I bet the your first guess was right. They dissapearred at night and that catfish is big enough that you wouldn't even see a bulge. No wonder the US imports 1.8 million neons a year http://en.wikipedia.org/wiki/Neon_tetra#cite_note-chapman1997-2


----------



## Cacatuoides (Feb 2, 2009)

I just took notice you have a goldfish in there as well. He needs different conditions than everything else. Just a heads up.


----------



## pxexaxcxex (Jul 28, 2009)

Cacatuoides said:


> I just took notice you have a goldfish in there as well. He needs different conditions than everything else. Just a heads up.

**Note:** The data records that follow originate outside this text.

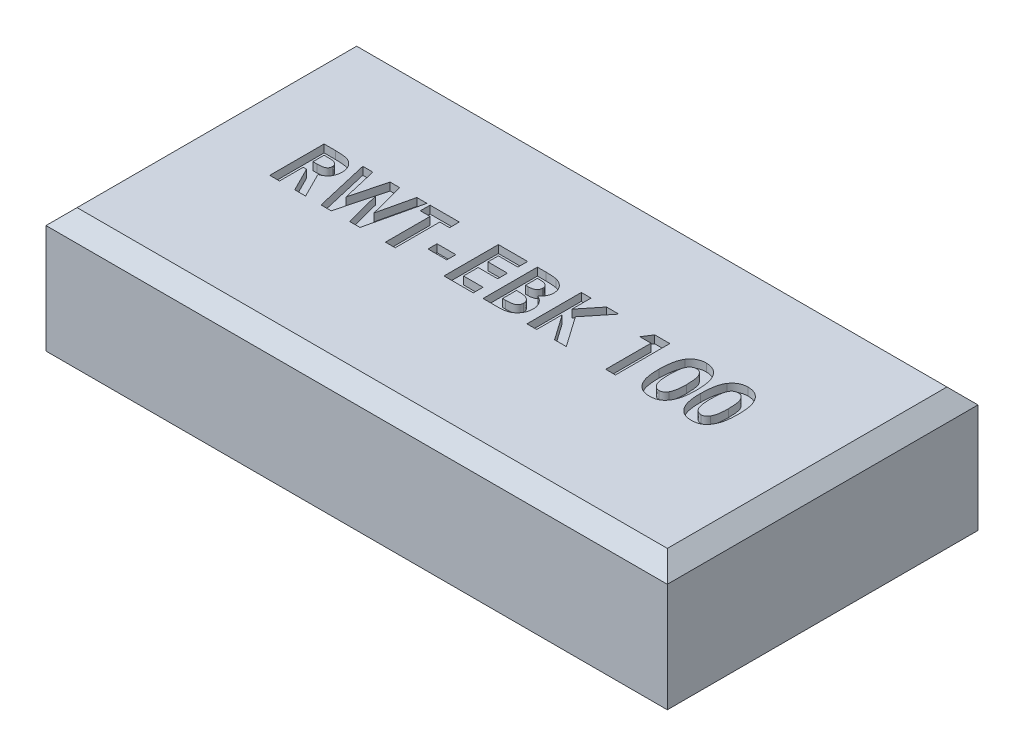
from build123d import *

# Parameters (mm, degrees)
SKETCH1_W           = 40
SKETCH1_H           = 20
BOSS_EXTRUDE1_DEPTH = 8
CHAMFER1_SIZE       = 1
SKETCH3_W           = 1.211538461
SKETCH3_H           = 0.583333333
CUT_EXTRUDE2_DEPTH  = 0.5


with BuildPart() as part:
    # Sketch1 → Boss-Extrude1 (new body)
    with BuildSketch(Plane(origin=(0, 0, 0), x_dir=(1, 0, 0), z_dir=(0, 1, 0))):
        with Locations((0, 2.318501171)):
            Rectangle(SKETCH1_W, SKETCH1_H)
    extrude(amount=BOSS_EXTRUDE1_DEPTH)

    # Chamfer1
    chamfer1_edges = [part.edges().sort_by_distance(p)[0] for p in [
        (0, 8, 7.681498829),
        (-20, 8, -2.318501171),
        (0, 8, -12.318501171),
        (20, 8, -2.318501171),
    ]]
    chamfer(chamfer1_edges, length=CHAMFER1_SIZE)

    # Sketch3 → Cut-Extrude2 (cut)
    # profile 1 of 10: a face of its own
    with BuildSketch(Plane(origin=(0, 8, 0), x_dir=(1, 0, 0), z_dir=(0, 1, 0))):
        with BuildLine():
            Line((-14.596153846, 4.818501171), (-13.864182692, 4.818501171))
            add(Edge.make_bspline(
                [(-13.864182692, 4.818501171), (-13.815799622, 4.818329439), (-13.722745349, 4.81799915), (-13.588566169, 4.81278806), (-13.46530414, 4.805536401), (-13.352776761, 4.794470177), (-13.251032173, 4.779797701), (-13.159968404, 4.76250128), (-13.079588115, 4.742788301), (-13.009213411, 4.718224373), (-12.945703721, 4.690516634), (-12.886503859, 4.658679935), (-12.830307791, 4.623068786), (-12.777491125, 4.582746162), (-12.727594872, 4.538437457), (-12.6805249, 4.49009807), (-12.636946351, 4.437318103), (-12.597129066, 4.380431058), (-12.560838815, 4.320587191), (-12.528765845, 4.257704336), (-12.502684052, 4.191738763), (-12.479637993, 4.123643816), (-12.463038663, 4.052446065), (-12.451494071, 3.978838632), (-12.443041573, 3.902562411), (-12.442555595, 3.850743733), (-12.442307692, 3.824310466)],
                knots=[0, 0, 0, 0, 1.749336639, 3.364467119, 4.854658419, 6.213483162, 7.451590619, 8.570285859, 9.5643256, 10.440900261, 11.26203566, 12.067320669, 12.869050712, 13.665104639, 14.467235401, 15.27997916, 16.102287765, 16.939272006, 17.78853747, 18.631303466, 19.488103222, 20.351255419, 21.228522269, 22.127379805, 23.044756219, 24, 24, 24, 24], degree=3))
            add(Edge.make_bspline(
                [(-12.442307692, 3.824310466), (-12.442951654, 3.796720207), (-12.444214347, 3.742620739), (-12.451015895, 3.663153032), (-12.46344699, 3.587123888), (-12.48227569, 3.514755912), (-12.503916836, 3.4451484), (-12.532694008, 3.379585653), (-12.565171892, 3.317114157), (-12.603744925, 3.258617595), (-12.646076944, 3.20279664), (-12.695308193, 3.151790002), (-12.748249241, 3.102856265), (-12.807876098, 3.059060474), (-12.871560358, 3.017441316), (-12.940567358, 2.979723274), (-13.014446736, 2.944958206), (-13.066387598, 2.925570802), (-13.092948718, 2.91565662)],
                knots=[0, 0, 0, 0, 1.099860209, 2.156625411, 3.176576793, 4.16617041, 5.135385252, 6.078461593, 7.016046972, 7.938469504, 8.868247731, 9.803980173, 10.76021508, 11.73834243, 12.748633912, 13.790971185, 14.870363756, 16, 16, 16, 16], degree=3))
            Line((-13.092948718, 2.91565662), (-12.28525641, 1.318501171))
            Line((-12.28525641, 1.318501171), (-12.983573718, 1.318501171))
            Line((-12.983573718, 1.318501171), (-13.754807692, 2.844142197))
            Line((-13.754807692, 2.844142197), (-13.967948718, 2.844142197))
            Line((-13.967948718, 2.844142197), (-13.967948718, 1.318501171))
            Line((-13.967948718, 1.318501171), (-14.596153846, 1.318501171))
            Line((-14.596153846, 1.318501171), (-14.596153846, 4.818501171))
        make_face()
        with BuildLine():
            Line((-13.967948718, 3.472347325), (-13.723257212, 3.472347325))
            add(Edge.make_bspline(
                [(-13.723257212, 3.472347325), (-13.693341641, 3.472684254), (-13.636059751, 3.473329401), (-13.55368087, 3.476321861), (-13.4788612, 3.483532211), (-13.41127944, 3.492642218), (-13.350595524, 3.503161037), (-13.297350732, 3.518235143), (-13.250724642, 3.534387429), (-13.211269776, 3.554460531), (-13.177560445, 3.577288002), (-13.148454596, 3.603220576), (-13.124379885, 3.633234229), (-13.104565169, 3.666513318), (-13.089151475, 3.70335219), (-13.07790066, 3.743346436), (-13.071613117, 3.786951643), (-13.070889714, 3.817045173), (-13.070512821, 3.832723927)],
                knots=[0, 0, 0, 0, 1.688639943, 3.233382647, 4.650958383, 5.928841754, 7.082724185, 8.122798841, 9.049171256, 9.863274652, 10.613301712, 11.341792392, 12.054588806, 12.776240173, 13.521029143, 14.301969904, 15.115324896, 16, 16, 16, 16], degree=3))
            add(Edge.make_bspline(
                [(-13.070512821, 3.832723927), (-13.071225372, 3.851273039), (-13.072625049, 3.88770933), (-13.086514186, 3.940164814), (-13.108622693, 3.988715953), (-13.1389274, 4.033143381), (-13.177092239, 4.072091531), (-13.220889403, 4.106424636), (-13.27126414, 4.133572687), (-13.317907356, 4.151479252), (-13.36034178, 4.162192934), (-13.398637509, 4.170176676), (-13.442984193, 4.175834983), (-13.493415313, 4.181836624), (-13.549802317, 4.185728385), (-13.612452548, 4.188568594), (-13.681186076, 4.189730664), (-13.729099873, 4.190102157), (-13.754106571, 4.190296043)],
                knots=[0, 0, 0, 0, 1.020303359, 2.004196876, 2.966617323, 3.9489082, 4.950758222, 5.960522915, 7.003732012, 8.091992268, 8.70421221, 9.413913587, 10.24622431, 11.166358409, 12.212345909, 13.359657661, 14.621978493, 16, 16, 16, 16], degree=3))
            Line((-13.754106571, 4.190296043), (-13.967948718, 4.190296043))
            Line((-13.967948718, 4.190296043), (-13.967948718, 3.472347325))
        make_face(mode=Mode.SUBTRACT)
    # profile 2 of 10: a face of its own
    with BuildSketch(Plane(origin=(0, 8, 0), x_dir=(1, 0, 0), z_dir=(0, 1, 0))):
        Polygon((-12.105769231, 4.818501171), (-11.457231571, 4.818501171), (-10.939102564, 2.584026011), (-10.345252404, 4.818501171), (-9.734575321, 4.818501171), (-9.144230769, 2.584026011), (-8.627504006, 4.818501171), (-7.977564103, 4.818501171), (-8.787359776, 1.318501171), (-9.443609776, 1.318501171), (-10.041666667, 3.581021203), (-10.643229167, 1.318501171), (-11.294571314, 1.318501171), align=None)
    # profile 3 of 10: a face of its own
    with BuildSketch(Plane(origin=(0, 8, 0), x_dir=(1, 0, 0), z_dir=(0, 1, 0))):
        Polygon((-7.775641026, 4.818501171), (-5.891025641, 4.818501171), (-5.891025641, 4.190296043), (-6.519230769, 4.190296043), (-6.519230769, 1.318501171), (-7.147435897, 1.318501171), (-7.147435897, 4.190296043), (-7.775641026, 4.190296043), align=None)
    # profile 4 of 10: a face of its own
    with BuildSketch(Plane(origin=(0, 8, 0), x_dir=(1, 0, 0), z_dir=(0, 1, 0))):
        with Locations((-4.791666667, 2.597347325)):
            Rectangle(SKETCH3_W, SKETCH3_H)
    # profile 5 of 10: a face of its own
    with BuildSketch(Plane(origin=(0, 8, 0), x_dir=(1, 0, 0), z_dir=(0, 1, 0))):
        Polygon((-3.378205128, 4.818501171), (-1.493589744, 4.818501171), (-1.493589744, 4.190296043), (-2.75, 4.190296043), (-2.75, 3.51721912), (-1.493589744, 3.51721912), (-1.493589744, 2.889013991), (-2.75, 2.889013991), (-2.75, 1.946706299), (-1.493589744, 1.946706299), (-1.493589744, 1.318501171), (-3.378205128, 1.318501171), align=None)
    # profile 6 of 10: a face of its own
    with BuildSketch(Plane(origin=(0, 8, 0), x_dir=(1, 0, 0), z_dir=(0, 1, 0))):
        with BuildLine():
            Line((-0.865384615, 1.318501171), (-0.865384615, 4.818501171))
            Line((-0.865384615, 4.818501171), (-0.304487179, 4.818501171))
            add(Edge.make_bspline(
                [(-0.304487179, 4.818501171), (-0.265220852, 4.818505652), (-0.189241252, 4.818514323), (-0.079622519, 4.814664873), (0.022039599, 4.809685178), (0.115421572, 4.804114058), (0.200682344, 4.794513904), (0.277692262, 4.784396391), (0.346605192, 4.772195293), (0.389210312, 4.76125053), (0.409254808, 4.756101331)],
                knots=[0, 0, 0, 0, 1.311965854, 2.538629056, 3.664479157, 4.713267157, 5.663616078, 6.530575999, 7.308677837, 8, 8, 8, 8], degree=3))
            add(Edge.make_bspline(
                [(0.409254808, 4.756101331), (0.435575266, 4.748838294), (0.487224455, 4.734585883), (0.561202576, 4.705802524), (0.631381143, 4.673807779), (0.697674471, 4.637307759), (0.759675491, 4.595861807), (0.817148578, 4.549140995), (0.871333285, 4.499020694), (0.920305637, 4.444104065), (0.964568575, 4.386074475), (1.003025131, 4.324947127), (1.03643895, 4.2616567), (1.063178757, 4.195406725), (1.083326699, 4.126502301), (1.09806282, 4.055237661), (1.107613822, 3.981387306), (1.108516267, 3.931144495), (1.108974359, 3.905640594)],
                knots=[0, 0, 0, 0, 1.099996261, 2.158545794, 3.195537121, 4.207578794, 5.205712374, 6.197378256, 7.190519799, 8.17788031, 9.159561366, 10.129234751, 11.085776129, 12.040971148, 13.00380137, 13.975669004, 14.972423361, 16, 16, 16, 16], degree=3))
            add(Edge.make_bspline(
                [(1.108974359, 3.905640594), (1.107776583, 3.872874775), (1.105418909, 3.808379286), (1.090357925, 3.713647082), (1.062116233, 3.624111532), (1.025162666, 3.538122532), (0.974917368, 3.456000819), (0.911115557, 3.377785442), (0.834790614, 3.30106803), (0.776245169, 3.255081117), (0.745793269, 3.231161427)],
                knots=[0, 0, 0, 0, 0.986156485, 1.941127874, 2.875419072, 3.804401753, 4.751181392, 5.761612777, 6.835722519, 8, 8, 8, 8], degree=3))
            add(Edge.make_bspline(
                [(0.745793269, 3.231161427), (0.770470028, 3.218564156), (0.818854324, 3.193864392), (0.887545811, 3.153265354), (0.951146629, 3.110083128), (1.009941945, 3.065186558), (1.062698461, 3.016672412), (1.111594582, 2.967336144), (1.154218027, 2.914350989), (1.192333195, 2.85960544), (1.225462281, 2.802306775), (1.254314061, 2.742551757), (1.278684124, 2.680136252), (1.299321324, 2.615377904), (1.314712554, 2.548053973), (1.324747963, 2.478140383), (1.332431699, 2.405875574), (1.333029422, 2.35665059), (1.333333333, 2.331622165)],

How so? Temp. wise? I keep the temp at about 75-78. I have moved it up before for ick reasons without problem. My goldfish seems to be thriving and was from the first batch of fish I got in this aquarium. I know the goldfish is a cold water fish, but I just make sure not to keep it too warm. There seems to be a happy equilibrium. Sooner or later I plan to turn this either into a goldfish aquarium or get Goldie it's own. Only because it will be so big that it will limit the amount of bio-load I can have in this tank.


----------



## Candymancan (Mar 10, 2010)

My suggestion, is if you get neon tetra's.. Make sure the PH in the water is low around 6.9 or under, try to find big neon tetra's usually small ones are the ones that die.. Bigger ones are more "established" you could say and iv found dont seem to die like the small ones do.

Also keep the light on for 2-3 days after you get the neons.. They die in the night cause they are litterally sleeping.. Usually at night they drift away from eachother turn there colors off and i find mine spread all over the tank in the morning.. So if you keep the light on for a couple days they can get used to the tank easier.

You have a 55g tank with less fish then i have in my 27g id say your bio load is fine... Neons are nothing to the bio load really.


----------



## pxexaxcxex (Jul 28, 2009)

Candymancan: Yeah, I should have left the lights on. I have not seen any of the fish poop black, but the Synodontis stays hidden all the time. I have a feeling it was a combination though.


----------